Introduction:
Regimen containing Tacrolimus showed a superior allograft function and better prevention of acute rejection in renal transplant patients. Unfortunately, Tacrolimus has a narrow therapeutic window. Therefore, it is of high clinical impact to identify factors which can identify who is endangered to develop CNI toxicity. The most relevant are genes encoding the CYP3A5 leading to significant differences in Tacrolimus pharmacodynamics.(1)However, genetic profiling of patients is not available in many transplant centres. Therefore, factors which can predict patients’ risk of developing tacrolimus side effects would be of high interest to transplant physicians. We hypothesize that the Tacrolimus metabolism rate expressed as the blood concentration normalized by the dose(C/D ratio) can be a simple predictor.
Methods:
We analyzed data from 56 western Indian patients who underwent renal transplant from November 2022 to May 2023. Immunosuppressive regimen consisted of Tacrolimus, mycophenolate mofetil and prednisolone. An induction therapy with ATG or Basiliximab was given as per institute protocol. Tacrolimus was started at a dose of 0.1 mg/kg bid with a target trough level of 7–12 ng/mL during the first month, 6–10 ng/mL from month 2 to 3 and 3–8 ng/mL for the following time. Recipient and donor data were collected at the time of kidney transplant. To keep the approach simple, patients were divided into three C/D groups: slow(C/D ratio >1.55), intermediate(C/D ratio 1.05-1.55) and fast(C/D ratio <1.05) metabolizers.(2) Renal function was analyzed at 1,3,7,14,30 and 90 days after kidney transplant in 56 patients with an immunosuppressive regimen including tacrolimus, mycophenolate mofetil and prednisolone.
Results:
In our study population mean age of kidney transplant recipient was 39.2 years, whereas mean age of donor was 49.9 years. Majority of recipient were male patients around 47(83.9%), whereas majority of donor were female around 36(64.3%). Out of total recipients, fast metabolizers were only 1(1.8%), whereas slow and intermediate metabolizers were 39(70%) and 15(27.3%) respectively. We analysed CYP3A5 genetic polymorphism of our patients and correlated it with metabolizer groups. Out of 39 slow metabolizers 27 were homozygous (CYP3A5 3*3),15 of intermediate 9 were heterozygous (CYP3A5 3*1) and only 1 was fast metabolizer was wild type of genotype (CYP3A5 1*1). Hence the correlation between CYP polymorphism and C/D ratio was statistically significant with P value of 0.013. Patients with slow metabolizes have high tacrolimus level hence chances of CNI toxicity were likely to be more, whereas fast metabolizers have low tacrolimus level and chances of allograft rejections were likely to be more common with this group. This observation emphasizes the importance of identification of patient’s metabolizer type in renal transplant patients.
Conclusions:
We conclude that in order to achieve long term survival of allograft it is important to minimize risk factors affecting graft survival. One of the major factor is a tailored immunosuppressive regimen. In our experience calculating a simple C/D ratio would be a simple and cost effective surrogate marker of CYP3A5 genotype polymorphism in renal transplant patients. If C/D ratio can fulfil these criteria and needs, it can be evaluated in further studies.
REFERENCES
(1) Thölking G., Fortmann C., Koch R., Gerth H. U., Pabst D., Pavenstädt H., et al. (2014). The tacrolimus metabolism rate influences renal function after kidney transplantation. PloS One 9(10), e111128.

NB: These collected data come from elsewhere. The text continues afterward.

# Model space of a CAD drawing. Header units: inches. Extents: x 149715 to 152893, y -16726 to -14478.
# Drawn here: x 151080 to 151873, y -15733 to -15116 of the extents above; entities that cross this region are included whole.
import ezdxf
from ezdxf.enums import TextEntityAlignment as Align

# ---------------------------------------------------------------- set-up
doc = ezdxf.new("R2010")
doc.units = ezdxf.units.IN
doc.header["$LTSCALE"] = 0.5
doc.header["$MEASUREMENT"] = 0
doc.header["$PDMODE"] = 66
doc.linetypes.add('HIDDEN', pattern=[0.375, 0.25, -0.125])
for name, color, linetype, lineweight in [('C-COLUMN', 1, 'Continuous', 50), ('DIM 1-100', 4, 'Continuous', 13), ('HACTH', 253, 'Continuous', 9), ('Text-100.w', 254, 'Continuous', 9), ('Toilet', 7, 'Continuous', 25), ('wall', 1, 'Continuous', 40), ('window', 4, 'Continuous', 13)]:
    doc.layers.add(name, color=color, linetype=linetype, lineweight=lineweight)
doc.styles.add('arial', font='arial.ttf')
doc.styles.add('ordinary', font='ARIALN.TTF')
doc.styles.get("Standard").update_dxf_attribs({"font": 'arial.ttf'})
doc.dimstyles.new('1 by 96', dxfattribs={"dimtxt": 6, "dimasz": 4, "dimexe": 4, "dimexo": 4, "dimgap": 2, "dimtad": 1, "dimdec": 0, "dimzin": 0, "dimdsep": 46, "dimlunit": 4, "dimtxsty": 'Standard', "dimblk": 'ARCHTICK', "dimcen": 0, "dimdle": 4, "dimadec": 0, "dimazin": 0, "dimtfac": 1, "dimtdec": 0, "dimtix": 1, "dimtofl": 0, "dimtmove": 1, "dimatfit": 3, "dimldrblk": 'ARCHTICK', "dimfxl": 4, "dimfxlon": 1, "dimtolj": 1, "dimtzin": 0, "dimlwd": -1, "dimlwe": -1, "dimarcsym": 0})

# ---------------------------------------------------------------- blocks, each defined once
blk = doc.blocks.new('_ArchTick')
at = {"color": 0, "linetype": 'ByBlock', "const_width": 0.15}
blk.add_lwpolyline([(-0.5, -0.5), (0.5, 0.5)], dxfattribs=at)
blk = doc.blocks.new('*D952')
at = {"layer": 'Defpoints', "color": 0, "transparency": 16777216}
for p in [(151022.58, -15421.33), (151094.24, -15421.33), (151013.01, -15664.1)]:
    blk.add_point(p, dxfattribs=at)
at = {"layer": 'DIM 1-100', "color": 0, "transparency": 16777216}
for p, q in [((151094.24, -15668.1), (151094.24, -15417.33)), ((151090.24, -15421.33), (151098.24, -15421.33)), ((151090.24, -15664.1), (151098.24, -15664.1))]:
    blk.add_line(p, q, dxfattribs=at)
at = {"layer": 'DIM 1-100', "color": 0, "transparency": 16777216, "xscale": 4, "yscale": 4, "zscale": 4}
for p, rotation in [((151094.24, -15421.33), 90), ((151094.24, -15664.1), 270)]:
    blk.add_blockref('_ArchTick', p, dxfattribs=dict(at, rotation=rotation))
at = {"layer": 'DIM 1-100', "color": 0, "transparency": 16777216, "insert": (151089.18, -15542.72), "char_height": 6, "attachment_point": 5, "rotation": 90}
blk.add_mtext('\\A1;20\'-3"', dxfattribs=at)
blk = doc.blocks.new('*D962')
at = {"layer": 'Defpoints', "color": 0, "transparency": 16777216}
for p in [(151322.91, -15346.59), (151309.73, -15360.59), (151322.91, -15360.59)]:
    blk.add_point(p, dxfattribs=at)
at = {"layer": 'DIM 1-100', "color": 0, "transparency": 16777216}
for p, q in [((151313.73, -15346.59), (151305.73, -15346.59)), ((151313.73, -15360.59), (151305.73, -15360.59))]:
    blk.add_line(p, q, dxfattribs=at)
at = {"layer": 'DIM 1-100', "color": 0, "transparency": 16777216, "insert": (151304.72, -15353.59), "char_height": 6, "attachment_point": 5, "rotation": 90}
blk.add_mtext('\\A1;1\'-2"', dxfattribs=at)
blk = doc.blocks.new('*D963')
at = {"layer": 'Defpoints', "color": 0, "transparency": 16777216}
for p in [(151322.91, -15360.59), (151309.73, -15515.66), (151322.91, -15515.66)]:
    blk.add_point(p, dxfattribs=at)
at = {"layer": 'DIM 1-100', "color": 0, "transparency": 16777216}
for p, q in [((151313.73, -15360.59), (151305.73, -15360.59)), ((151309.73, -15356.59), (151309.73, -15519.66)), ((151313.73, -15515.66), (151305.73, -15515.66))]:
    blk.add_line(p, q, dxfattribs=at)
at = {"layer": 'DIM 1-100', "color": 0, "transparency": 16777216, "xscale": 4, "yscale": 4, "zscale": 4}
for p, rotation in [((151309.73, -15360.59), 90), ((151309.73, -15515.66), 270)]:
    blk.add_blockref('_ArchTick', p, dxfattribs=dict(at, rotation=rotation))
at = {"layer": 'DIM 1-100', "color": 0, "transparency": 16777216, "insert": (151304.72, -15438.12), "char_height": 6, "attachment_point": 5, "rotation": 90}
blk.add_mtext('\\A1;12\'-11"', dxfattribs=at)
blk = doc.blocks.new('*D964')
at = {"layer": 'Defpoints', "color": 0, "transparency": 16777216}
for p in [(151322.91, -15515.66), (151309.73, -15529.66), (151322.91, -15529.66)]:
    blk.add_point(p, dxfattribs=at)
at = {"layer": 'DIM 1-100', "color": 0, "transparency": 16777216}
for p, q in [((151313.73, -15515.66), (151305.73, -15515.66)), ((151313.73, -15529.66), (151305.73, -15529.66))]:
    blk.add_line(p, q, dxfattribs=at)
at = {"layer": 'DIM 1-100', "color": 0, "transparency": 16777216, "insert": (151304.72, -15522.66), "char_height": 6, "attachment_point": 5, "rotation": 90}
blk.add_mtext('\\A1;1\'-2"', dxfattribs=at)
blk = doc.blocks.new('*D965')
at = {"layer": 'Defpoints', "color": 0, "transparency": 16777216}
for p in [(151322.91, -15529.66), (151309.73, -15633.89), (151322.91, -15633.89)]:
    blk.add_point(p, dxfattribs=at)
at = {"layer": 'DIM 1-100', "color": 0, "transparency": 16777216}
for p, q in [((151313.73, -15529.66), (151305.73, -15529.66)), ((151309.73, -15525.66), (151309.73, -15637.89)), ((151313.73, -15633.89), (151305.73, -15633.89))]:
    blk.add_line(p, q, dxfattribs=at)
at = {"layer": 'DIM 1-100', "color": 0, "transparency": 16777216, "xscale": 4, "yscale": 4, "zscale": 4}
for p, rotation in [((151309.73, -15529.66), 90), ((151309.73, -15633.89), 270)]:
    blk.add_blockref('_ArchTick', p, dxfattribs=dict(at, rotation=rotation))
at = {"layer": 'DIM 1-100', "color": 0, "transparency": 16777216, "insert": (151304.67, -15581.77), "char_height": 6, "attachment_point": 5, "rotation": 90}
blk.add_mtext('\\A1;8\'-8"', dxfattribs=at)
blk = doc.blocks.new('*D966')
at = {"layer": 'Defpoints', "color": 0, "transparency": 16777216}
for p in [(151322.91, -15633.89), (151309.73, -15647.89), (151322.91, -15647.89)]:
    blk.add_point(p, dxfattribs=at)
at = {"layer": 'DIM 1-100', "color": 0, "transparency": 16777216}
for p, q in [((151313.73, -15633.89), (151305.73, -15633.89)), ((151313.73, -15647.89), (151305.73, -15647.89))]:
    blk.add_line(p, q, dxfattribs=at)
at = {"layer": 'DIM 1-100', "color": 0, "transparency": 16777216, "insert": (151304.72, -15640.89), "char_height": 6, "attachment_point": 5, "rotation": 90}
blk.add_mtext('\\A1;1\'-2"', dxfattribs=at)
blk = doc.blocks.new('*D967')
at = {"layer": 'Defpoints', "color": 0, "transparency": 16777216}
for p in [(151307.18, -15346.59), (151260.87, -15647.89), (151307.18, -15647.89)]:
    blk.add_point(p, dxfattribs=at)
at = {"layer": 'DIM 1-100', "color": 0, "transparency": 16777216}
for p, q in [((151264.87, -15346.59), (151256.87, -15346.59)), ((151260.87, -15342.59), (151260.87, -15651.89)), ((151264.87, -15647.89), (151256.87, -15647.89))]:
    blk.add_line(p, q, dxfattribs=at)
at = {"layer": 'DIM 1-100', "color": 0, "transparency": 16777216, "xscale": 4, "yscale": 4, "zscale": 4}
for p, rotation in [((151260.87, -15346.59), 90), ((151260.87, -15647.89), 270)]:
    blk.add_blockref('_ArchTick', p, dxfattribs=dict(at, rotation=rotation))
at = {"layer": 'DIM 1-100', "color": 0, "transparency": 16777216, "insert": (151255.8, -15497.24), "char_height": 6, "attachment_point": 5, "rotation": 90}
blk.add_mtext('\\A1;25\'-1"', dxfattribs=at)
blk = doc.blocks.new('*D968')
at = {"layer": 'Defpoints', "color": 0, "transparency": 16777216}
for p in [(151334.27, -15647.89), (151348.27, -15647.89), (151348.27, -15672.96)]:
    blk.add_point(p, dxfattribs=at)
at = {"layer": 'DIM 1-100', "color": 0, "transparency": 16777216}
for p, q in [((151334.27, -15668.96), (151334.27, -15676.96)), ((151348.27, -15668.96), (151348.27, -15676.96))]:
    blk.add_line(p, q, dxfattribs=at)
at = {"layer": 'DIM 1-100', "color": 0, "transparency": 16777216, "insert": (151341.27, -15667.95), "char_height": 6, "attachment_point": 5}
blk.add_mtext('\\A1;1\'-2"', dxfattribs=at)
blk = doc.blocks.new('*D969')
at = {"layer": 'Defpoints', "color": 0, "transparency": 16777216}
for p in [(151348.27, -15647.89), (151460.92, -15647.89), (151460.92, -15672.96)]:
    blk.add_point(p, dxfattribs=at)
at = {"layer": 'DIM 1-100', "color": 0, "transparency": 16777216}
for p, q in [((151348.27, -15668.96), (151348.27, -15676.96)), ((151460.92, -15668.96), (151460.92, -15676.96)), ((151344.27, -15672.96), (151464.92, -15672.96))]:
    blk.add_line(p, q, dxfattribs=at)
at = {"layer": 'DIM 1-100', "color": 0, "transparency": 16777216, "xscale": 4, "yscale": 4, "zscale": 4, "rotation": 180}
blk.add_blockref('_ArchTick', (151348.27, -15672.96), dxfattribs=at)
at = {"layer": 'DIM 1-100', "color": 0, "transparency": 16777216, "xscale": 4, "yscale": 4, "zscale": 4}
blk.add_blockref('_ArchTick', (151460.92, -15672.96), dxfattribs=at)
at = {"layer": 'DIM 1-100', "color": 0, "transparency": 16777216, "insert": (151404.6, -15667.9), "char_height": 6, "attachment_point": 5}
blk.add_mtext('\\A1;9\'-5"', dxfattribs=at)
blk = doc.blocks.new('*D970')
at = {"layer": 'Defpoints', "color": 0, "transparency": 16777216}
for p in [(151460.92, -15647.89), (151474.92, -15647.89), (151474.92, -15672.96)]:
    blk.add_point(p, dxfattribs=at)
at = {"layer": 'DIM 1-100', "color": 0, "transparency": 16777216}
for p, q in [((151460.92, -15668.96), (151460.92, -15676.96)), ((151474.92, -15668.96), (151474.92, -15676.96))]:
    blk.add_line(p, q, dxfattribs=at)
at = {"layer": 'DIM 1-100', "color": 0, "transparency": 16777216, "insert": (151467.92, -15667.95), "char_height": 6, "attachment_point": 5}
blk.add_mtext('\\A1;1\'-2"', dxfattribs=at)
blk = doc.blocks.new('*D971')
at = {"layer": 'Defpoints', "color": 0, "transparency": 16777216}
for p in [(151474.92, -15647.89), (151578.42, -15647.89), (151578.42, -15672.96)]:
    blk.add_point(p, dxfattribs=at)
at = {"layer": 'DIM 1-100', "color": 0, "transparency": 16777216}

(2)Thölking G., Schmidt C., Koch R., Schuette-Nuetgen K., Pabst D., Wolters H., et al. (2016). Influence of tacrolimus metabolism rate on BKV infection after kidney transplantation. Sci. Rep. 6, 32273. 10.1038/srep32273
I have no potential conflict of interest to disclose.
I did not use generative AI and AI-assisted technologies in the writing process.